BERLIN (Reuters) - Leading economic institutes halved their 2013 German growth forecast on Thursday, citing a sharp downturn in industrial production during the winter, but said Europe's largest economy would gain momentum next year thanks to domestic demand.
The institutes, whose analysis flows into the government's own economic forecasts, cut their forecast for 2013 to 0.4 percent, which would be a slowdown compared with 0.7 percent growth last year.
They said the economy would expand more than four times as strongly in 2014, projecting growth of 1.8 percent, revising their April estimate for 1.9 percent growth down a notch.

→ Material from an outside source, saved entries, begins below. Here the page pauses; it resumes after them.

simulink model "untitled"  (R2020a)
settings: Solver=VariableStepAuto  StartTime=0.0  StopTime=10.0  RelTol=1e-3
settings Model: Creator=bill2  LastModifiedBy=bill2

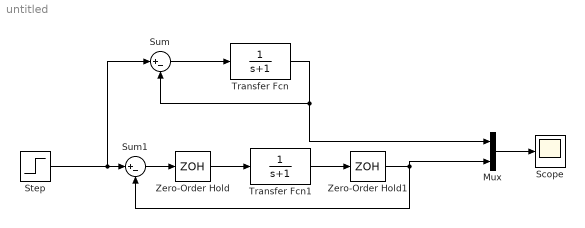
== system untitled ==
  Mux : Mux  Inputs=2
  Scope : Scope
  Step : Step  SampleTime=0
  Sum : Sum  Inputs=|+-
  Sum1 : Sum  Inputs=|+-
  Transfer Fcn : TransferFcn  Denominator=[1 1]
  Transfer Fcn1 : TransferFcn  Denominator=[1 1]
  Zero-Order Hold : ZeroOrderHold  SampleTime=-1
  Zero-Order Hold1 : ZeroOrderHold  SampleTime=-1
  wires:
  Step/1 -> Sum/1, Sum1/1
  Sum/1 -> Transfer Fcn/1
  Transfer Fcn/1 -> Mux/1, Sum/2
  Transfer Fcn1/1 -> Zero-Order Hold1/1
  Zero-Order Hold/1 -> Transfer Fcn1/1
  Sum1/1 -> Zero-Order Hold/1
  Zero-Order Hold1/1 -> Sum1/2, Mux/2
  Mux/1 -> Scope/1
simulink model "crs_controller"  (R2025b)
settings: Solver=FixedStepDiscrete  StartTime=0.0  StopTime=0.05  FixedStep=Ts  RelTol=1e-3
undefined symbols (not defined in the file): brake_threshold, DiscIntNeverNeededParam, KeyON, Kp, opMode, reqMode, ShiftDrive, target_dec_hold, target_dec_short, target_inc_hold, target_inc_short, throt_max, throt_min, Ts, tsp_max, tsp_min
libraries: simulink x73
(part 2 of 2)

== matlab function crs_controller/DriverSwRequest/decrement/counter/counter ==
  data: in input boolean size=1; out output boolean size=1; CountValue input uint8 size=1
function out = counter(in,CountValue)
%#codegen

persistent cnt;

% initialize
if isempty(cnt)
    cnt = cast(0,'like',CountValue);
end

% if enabled
if in
    % Output true if CountValue is reached
    if cnt >= CountValue
        out = true;
    else
        % Continue counting and output false        
        cnt = cnt + cast(1,'like',CountValue);
        out = false;
    end
else
    % if disabled, output false and reset
    cnt = cast(0,'like',CountValue);
    out = false;
end

"The German economy is on the cusp of an upturn which will be driven by domestic demand," they said in a statement.
They said investment would gradually pick up over the rest of this year and 2014 as the global economy revives and uncertainty about the euro zone crisis wanes but said it would not be dynamic at first given that capacity was still underused.
"Firms' sales prospects at home and abroad will continue to brighten and then higher capacity utilisation will probably lead to more investment in expansion," the institutes said, adding that favourable financing conditions would support this.
They said investment in capital equipment, which rose between April and June after falling for six consecutive quarters, would pick up next year after dropping this year.
Companies will boost spending on machines and facilities by 7 percent in 2014 but that will still not be enough to push their investment back up to its pre-crisis level in 2008.
Private consumption, on which the government is relying to prop up growth given the weakness of exports, will increase by 0.9 percent this year and by 1.4 percent next year, the institutes estimate.
Positive signs for household spending include decent wage hikes, moderate inflation and a projected rise in the number of people in work to a record high of 41.8 million this year and 42.1 million next year, the institutes estimate.
While exports will increase modestly thanks to stronger global growth, imports will get a big boost from domestic demand, meaning that foreign trade will probably drag on growth, they added.
The economy ministry is due to update its growth forecasts on October 23. It currently predicts the German economy will expand by 0.5 percent this year and by 1.6 percent next year.